→ **Task details**: When the line containing "line L11 (-66.9501, 38.6537)" is found in the data below, copy it and each line after it through the line containing "line L16 (-54.6646, -54.6646)", exactly and with no others.

Stored items from a collection:
========

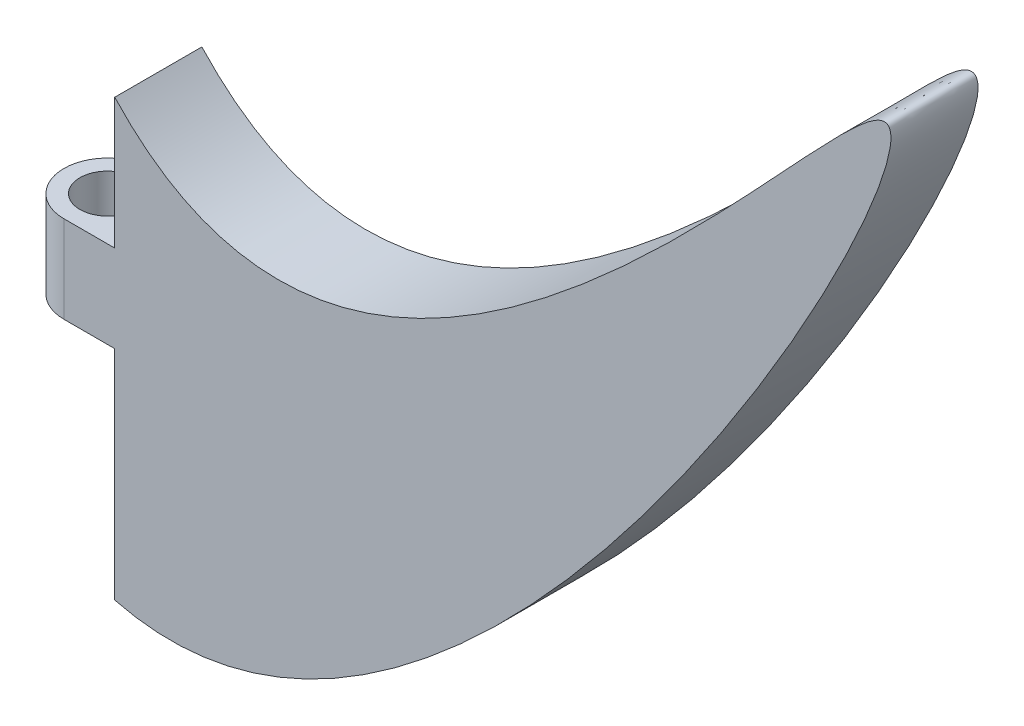
SolidWorks part; units mm, degrees
ref_plane "Alzado" through (0, 0, 0) normal (0, 0, 1) x (1, 0, 0)
ref_plane "Planta" through (0, 0, 0) normal (0, 1, 0) x (1, 0, 0)
ref_plane "Vista lateral" through (0, 0, 0) normal (1, 0, 0) x (0, 0, -1)
sketch "Croquis1" plane through (0, 0, 0) normal (0, 0, 1) x (1, 0, 0)
  line L0 (0, 0) -> (0, 30)
  spline S0 degree 3 poles (0, 0) (25.7274, -6.6185) (85.0033, 107.7815) (18.5263, 9.9948) (0, 30) knots 0 0 0 0 0.555968 1 1 1 1
  dimension "D1" = 30
extrude "Saliente-Extruir1" add sketch "Croquis1" along normal blind 6
sketch "Croquis2" plane through (0, 0, 0) normal (0, 1, 0) x (1, 0, 0)
  line L1 (0, 0) -> (-3.5, 0)
  line L2 (0, 0) -> (0, -6)
  line L3 (0, -6) -> (-3.5, -6)
  arc A0 (-3.5, 0) -> (-3.5, -6) centre (-3.5, -3) ccw
  dimension "D1" = 6
  dimension "D2" = 3.5
extrude "Saliente-Extruir2" add sketch "Croquis2" along normal blind 6 from offset 15
sketch "Croquis3" plane through (0, 21, 0) normal (0, 1, 0) x (1, 0, 0)
  line L0 (-3.5, -6) -> (0, -6) construction
  circle A0 centre (-3.5, -3) radius 1.9
  arc A1 (-3.5, 0) -> (-3.5, -6) centre (-3.5, -3) ccw construction
  point P5 (-6.5, -3)
  dimension "D1" = 3.8
  dimension "D2" = 3
  dimension "D3" = 3
extrude "Cortar-Extruir1" cut sketch "Croquis3" against normal blind 6
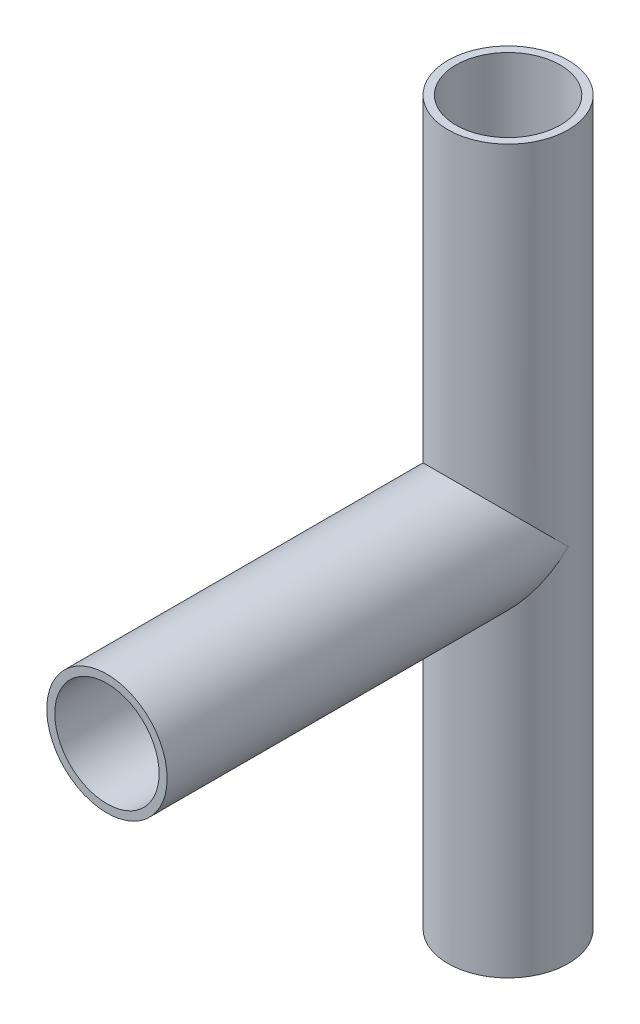
SolidWorks part; units mm, degrees
ref_plane "Front Plane" through (0, 0, 0) normal (0, 0, 1) x (1, 0, 0)
ref_plane "Top Plane" through (0, 0, 0) normal (0, 1, 0) x (1, 0, 0)
ref_plane "Right Plane" through (0, 0, 0) normal (1, 0, 0) x (0, 0, -1)
sketch "Sketch1" plane through (0, 0, 0) normal (0, 0, 1) x (1, 0, 0)
  circle A0 centre (0, 0) radius 13
  circle A1 centre (0, 0) radius 15
  dimension "D1" = 26
  dimension "D2" = 30
extrude "Boss-Extrude1" add sketch "Sketch1" along normal blind 100
sketch "Sketch2" plane through (0, 0, 0) normal (0, 1, 0) x (1, 0, 0)
  circle A0 centre (0, 0) radius 15
extrude "Cut-Extrude1" cut sketch "Sketch2" against normal blind 100
sketch "Sketch3" plane through (0, 0, 0) normal (0, 1, 0) x (1, 0, 0)
  circle A0 centre (0, 0) radius 15
extrude "Cut-Extrude4" cut sketch "Sketch3" against normal through all both and the other way through all
sketch "Sketch4" plane through (0, 0, 0) normal (0, 1, 0) x (1, 0, 0)
  circle A0 centre (0, 0) radius 13
  circle A1 centre (0, 0) radius 15
  dimension "D1" = 26
  dimension "D2" = 30
extrude "Boss-Extrude3" add sketch "Sketch4" along normal blind 90
sketch "Sketch6" plane through (0, 0, 0) normal (0, -1, 0) x (1, 0, 0)
  circle A0 centre (0, 0) radius 13
  circle A1 centre (0, 0) radius 15
extrude "Boss-Extrude4" add sketch "Sketch6" along normal blind 90
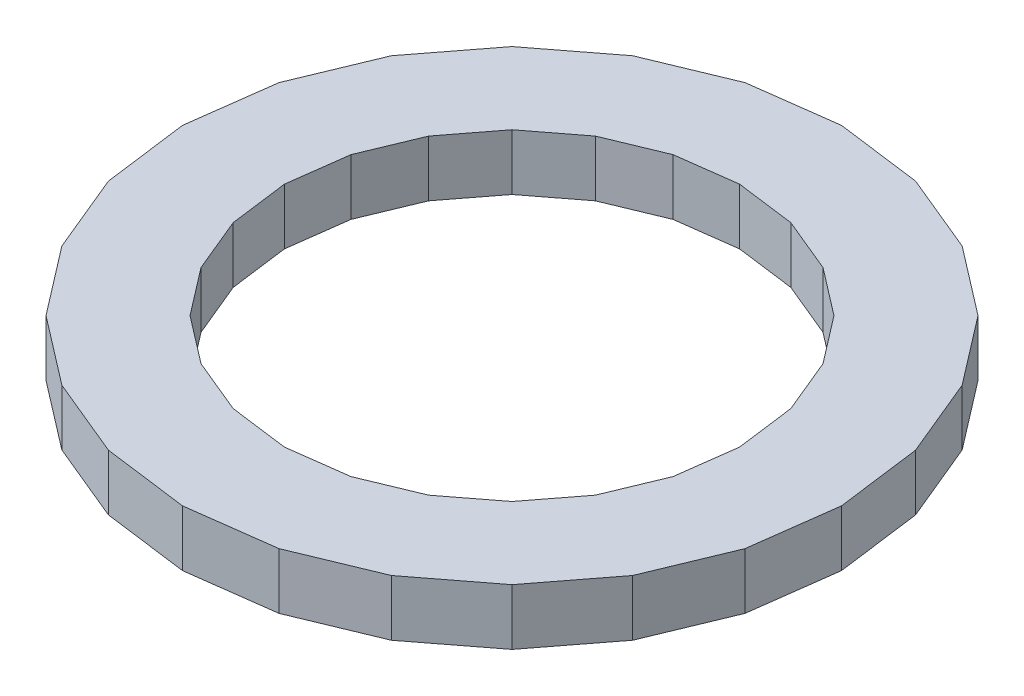
SolidWorks part; units mm, degrees
ref_plane "Front Plane" through (0, 0, 0) normal (0, 0, 1) x (1, 0, 0)
ref_plane "Top Plane" through (0, 0, 0) normal (0, 1, 0) x (1, 0, 0)
ref_plane "Right Plane" through (0, 0, 0) normal (1, 0, 0) x (0, 0, -1)
sketch "Sketch1" plane through (0, 0, 0) normal (0, 1, 0) x (1, 0, 0)
  line L0 (0, 0) -> (-77.3074, 0) construction
  line L1 (77.3074, 0) -> (74.6732, 20.0086)
  line L2 (74.6732, 20.0086) -> (66.9501, 38.6537)
  line L3 (66.9501, 38.6537) -> (54.6646, 54.6646)
  line L4 (54.6646, 54.6646) -> (38.6537, 66.9501)
  line L5 (38.6537, 66.9501) -> (20.0086, 74.6732)
  line L6 (20.0086, 74.6732) -> (0, 77.3074)
  line L7 (0, 77.3074) -> (-20.0086, 74.6732)
  line L8 (-20.0086, 74.6732) -> (-38.6537, 66.9501)
  line L9 (-38.6537, 66.9501) -> (-54.6646, 54.6646)
  line L10 (-54.6646, 54.6646) -> (-66.9501, 38.6537)
  line L11 (-66.9501, 38.6537) -> (-74.6732, 20.0086)
  line L12 (-74.6732, 20.0086) -> (-77.3074, 0)
  line L13 (-77.3074, 0) -> (-74.6732, -20.0086)
  line L14 (-74.6732, -20.0086) -> (-66.9501, -38.6537)
  line L15 (-66.9501, -38.6537) -> (-54.6646, -54.6646)
  line L16 (-54.6646, -54.6646) -> (-38.6537, -66.9501)
  line L17 (-38.6537, -66.9501) -> (-20.0086, -74.6732)
  line L18 (-20.0086, -74.6732) -> (0, -77.3074)
  line L19 (0, -77.3074) -> (20.0086, -74.6732)
  line L20 (20.0086, -74.6732) -> (38.6537, -66.9501)
  line L21 (38.6537, -66.9501) -> (54.6646, -54.6646)
  line L22 (54.6646, -54.6646) -> (66.9501, -38.6537)
  line L23 (66.9501, -38.6537) -> (74.6732, -20.0086)
  line L24 (74.6732, -20.0086) -> (77.3074, 0)
  line L25 (-111.8933, 0) -> (-108.0806, -28.9601)
  line L26 (-108.0806, -28.9601) -> (-96.9024, -55.9466)
  line L27 (-96.9024, -55.9466) -> (-79.1205, -79.1205)
  line L28 (-79.1205, -79.1205) -> (-55.9466, -96.9024)
  line L29 (-55.9466, -96.9024) -> (-28.9601, -108.0806)
  line L30 (-28.9601, -108.0806) -> (0, -111.8933)
  line L31 (0, -111.8933) -> (28.9601, -108.0806)
  line L32 (28.9601, -108.0806) -> (55.9466, -96.9024)
  line L33 (55.9466, -96.9024) -> (79.1205, -79.1205)
  line L34 (79.1205, -79.1205) -> (96.9024, -55.9466)
  line L35 (96.9024, -55.9466) -> (108.0806, -28.9601)
  line L36 (108.0806, -28.9601) -> (111.8933, 0)
  line L37 (111.8933, 0) -> (108.0806, 28.9601)
  line L38 (108.0806, 28.9601) -> (96.9024, 55.9466)
  line L39 (96.9024, 55.9466) -> (79.1205, 79.1205)
  line L40 (79.1205, 79.1205) -> (55.9466, 96.9024)
  line L41 (55.9466, 96.9024) -> (28.9601, 108.0806)
  line L42 (28.9601, 108.0806) -> (0, 111.8933)
  line L43 (0, 111.8933) -> (-28.9601, 108.0806)
  line L44 (-28.9601, 108.0806) -> (-55.9466, 96.9024)
  line L45 (-55.9466, 96.9024) -> (-79.1205, 79.1205)
  line L46 (-79.1205, 79.1205) -> (-96.9024, 55.9466)
  line L47 (-96.9024, 55.9466) -> (-108.0806, 28.9601)
  line L48 (-108.0806, 28.9601) -> (-111.8933, 0)
  line L49 (-111.8933, 0) -> (-77.3074, 0) construction
  circle A0 centre (0, 0) radius 76.646 construction
  circle A1 centre (0, 0) radius 110.936 construction
  dimension "D1" = 34.29
  dimension "D2" = 29.21
extrude "Boss-Extrude1" add sketch "Sketch1" along normal blind 19.05
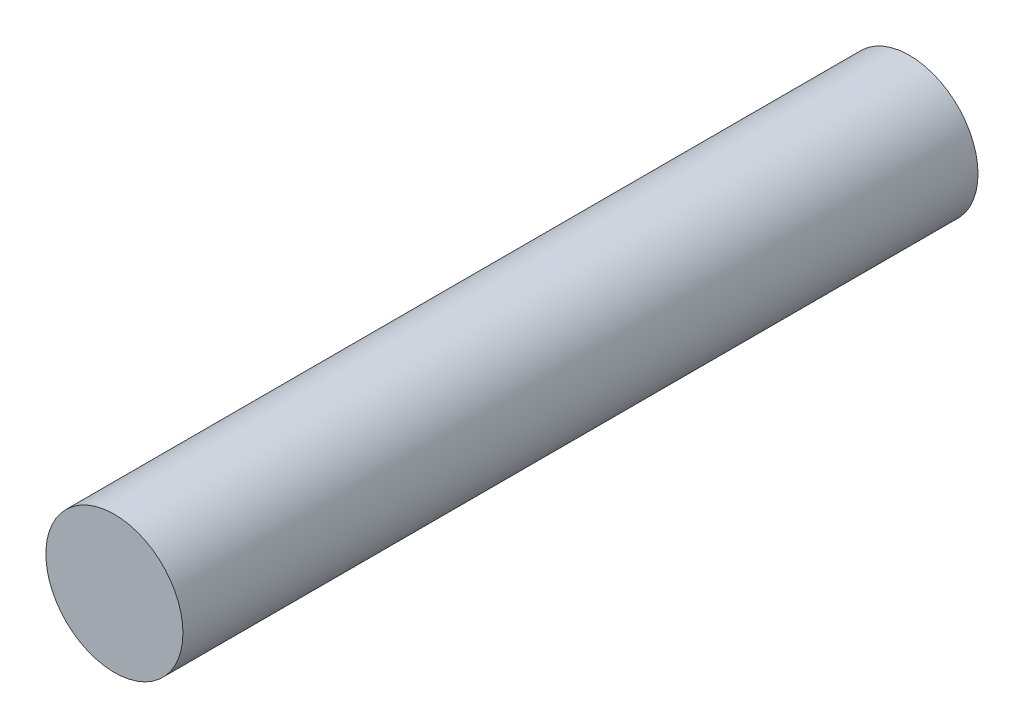
SolidWorks part; units mm, degrees
ref_plane "Front Plane" through (0, 0, 0) normal (0, 0, 1) x (1, 0, 0)
ref_plane "Top Plane" through (0, 0, 0) normal (0, 1, 0) x (1, 0, 0)
ref_plane "Right Plane" through (0, 0, 0) normal (1, 0, 0) x (0, 0, -1)
sketch "Sketch1" plane through (0, 0, 0) normal (0, 0, 1) x (1, 0, 0)
  circle A0 centre (0, 0) radius 3.175
  dimension "D1" = 6.35
extrude "Boss-Extrude1" add sketch "Sketch1" along normal blind 36.83
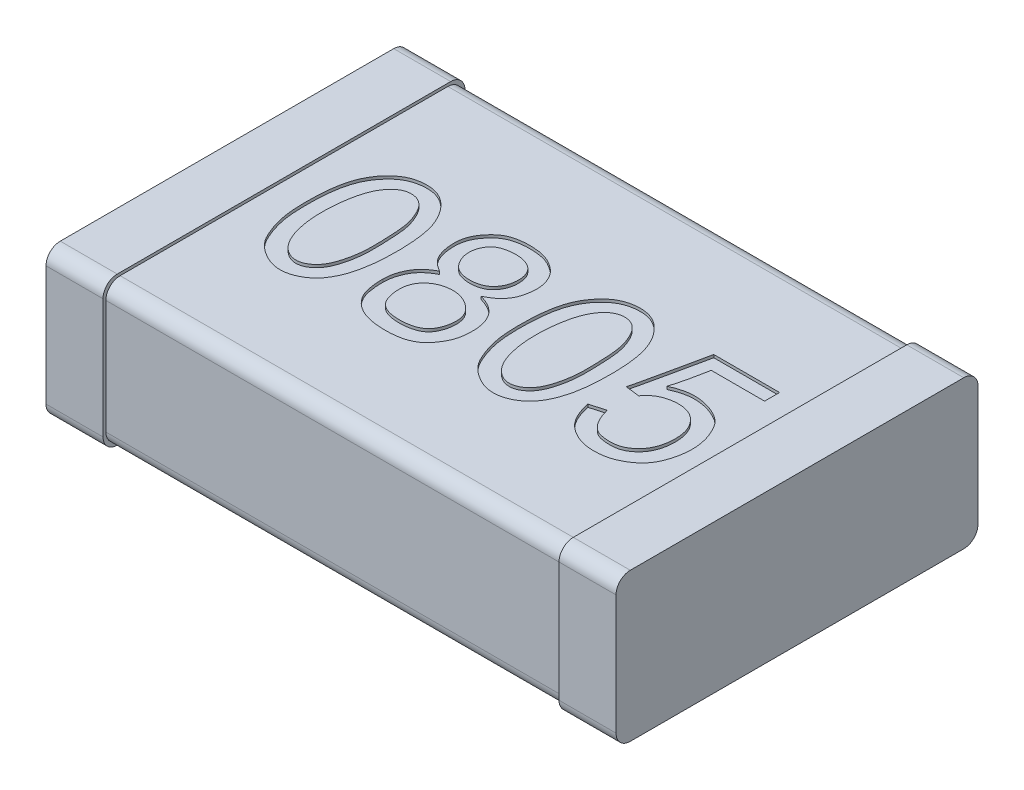
SolidWorks part; units mm, degrees
ref_plane "前视基准面" through (0, 0, 0) normal (0, 0, 1) x (1, 0, 0)
ref_plane "上视基准面" through (0, 0, 0) normal (0, 1, 0) x (1, 0, 0)
ref_plane "右视基准面" through (0, 0, 0) normal (1, 0, 0) x (0, 0, -1)
sketch "草图1" plane through (0, 0, 0) normal (0, 1, 0) x (1, 0, 0)
  line L0 (-31.3913, 0) -> (27.0565, 0) construction
  line L1 (0, 12.4242) -> (0, -8.2436) construction
  line L3 (-1, -0.625) -> (1, -0.625)
  line L4 (-1, -0.625) -> (-1, 0.625)
  line L5 (-1, 0.625) -> (1, 0.625)
  line L6 (1, -0.625) -> (1, 0.625)
  dimension "D1" = 2
  dimension "D2" = 1.25
extrude "凸台-拉伸1" add sketch "草图1" along normal blind 0.5
sketch "草图2" plane through (-1, 0, 0) normal (-1, 0, 0) x (0, 0, 1)
  line L0 (-0.7058, 0.25) -> (0.6827, 0.25) construction
  line L1 (0, -0.0713) -> (0, 0.602) construction
  line L2 (-0.625, 0.5) -> (0.625, 0.5) construction
  line L3 (-0.625, 0) -> (0.625, 0) construction
  line L5 (-0.635, 0.51) -> (0.635, 0.51)
  line L6 (-0.635, 0.51) -> (-0.635, -0.01)
  line L7 (-0.635, -0.01) -> (0.635, -0.01)
  line L8 (0.635, 0.51) -> (0.635, -0.01)
  dimension "D1" = 0.52
  dimension "D2" = 1.27
extrude "凸台-拉伸2" add sketch "草图2" against normal blind 0.2
sketch "草图3" plane through (1, 0, 0) normal (1, 0, 0) x (0, 0, -1)
  line L0 (-0.635, 0.51) -> (0.635, 0.51) construction
  line L1 (-0.635, -0.01) -> (-0.635, 0.51) construction
  line L2 (0.635, -0.01) -> (-0.635, -0.01) construction
  line L3 (0.635, 0.51) -> (0.635, -0.01) construction
  line L4 (-0.635, 0.51) -> (0.635, 0.51)
  line L5 (-0.635, -0.01) -> (-0.635, 0.51)
  line L6 (0.635, -0.01) -> (-0.635, -0.01)
  line L7 (0.635, 0.51) -> (0.635, -0.01)
extrude "凸台-拉伸3" add sketch "草图3" against normal blind 0.2
sketch "草图4" plane through (0, 0.5, 0) normal (0, 1, 0) x (1, 0, 0)
  text T0 "0805" font "黑体" height 0.5
extrude "切除-拉伸1" cut sketch "草图4" against normal blind 0.01
fillet "圆角1" radius 0.05 4 edges at (0, 0, 0.625) (0, 0, -0.625) (0, 0.5, -0.625) (0, 0.5, 0.625)
fillet "圆角2" radius 0.05 8 edges at (0.9, -0.01, 0.635) (0.9, -0.01, -0.635) (-0.9, -0.01, 0.635) (-0.9, -0.01, -0.635) (-0.9, 0.51, 0.635) (0.9, 0.51, 0.635) (0.9, 0.51, -0.635) (-0.9, 0.51, -0.635)
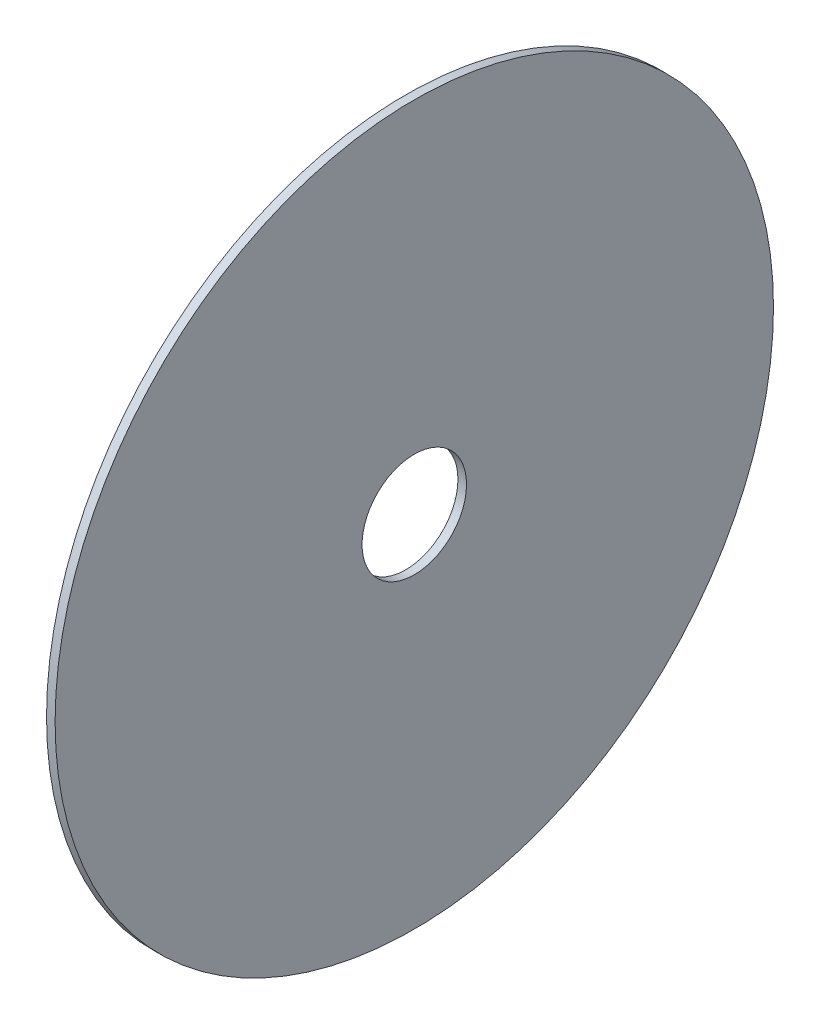
SolidWorks part; units mm, degrees
material "ASTM A36 Steel"
ref_plane "Front Plane" through (0, 0, 0) normal (0, 0, 1) x (1, 0, 0)
ref_plane "Top Plane" through (0, 0, 0) normal (0, 1, 0) x (1, 0, 0)
ref_plane "Right Plane" through (0, 0, 0) normal (1, 0, 0) x (0, 0, -1)
sketch "Sketch1" plane through (0, 0, 0) normal (1, 0, 0) x (0, 0, -1)
  circle A0 centre (0, 0) radius 251
  dimension "D1" = 502
extrude "Boss-Extrude1" add sketch "Sketch1" along normal blind 6
sketch "Sketch2" plane through (6, 0, 0) normal (1, 0, 0) x (0, 0, -1)
  circle A0 centre (0, 0) radius 36.5
  dimension "D1" = 73
extrude "Cut-Extrude1" cut sketch "Sketch2" against normal through all

========

→ **Task answer**:
  line L11 (-66.9501, 38.6537) -> (-74.6732, 20.0086)
  line L12 (-74.6732, 20.0086) -> (-77.3074, 0)
  line L13 (-77.3074, 0) -> (-74.6732, -20.0086)
  line L14 (-74.6732, -20.0086) -> (-66.9501, -38.6537)
  line L15 (-66.9501, -38.6537) -> (-54.6646, -54.6646)
  line L16 (-54.6646, -54.6646) -> (-38.6537, -66.9501)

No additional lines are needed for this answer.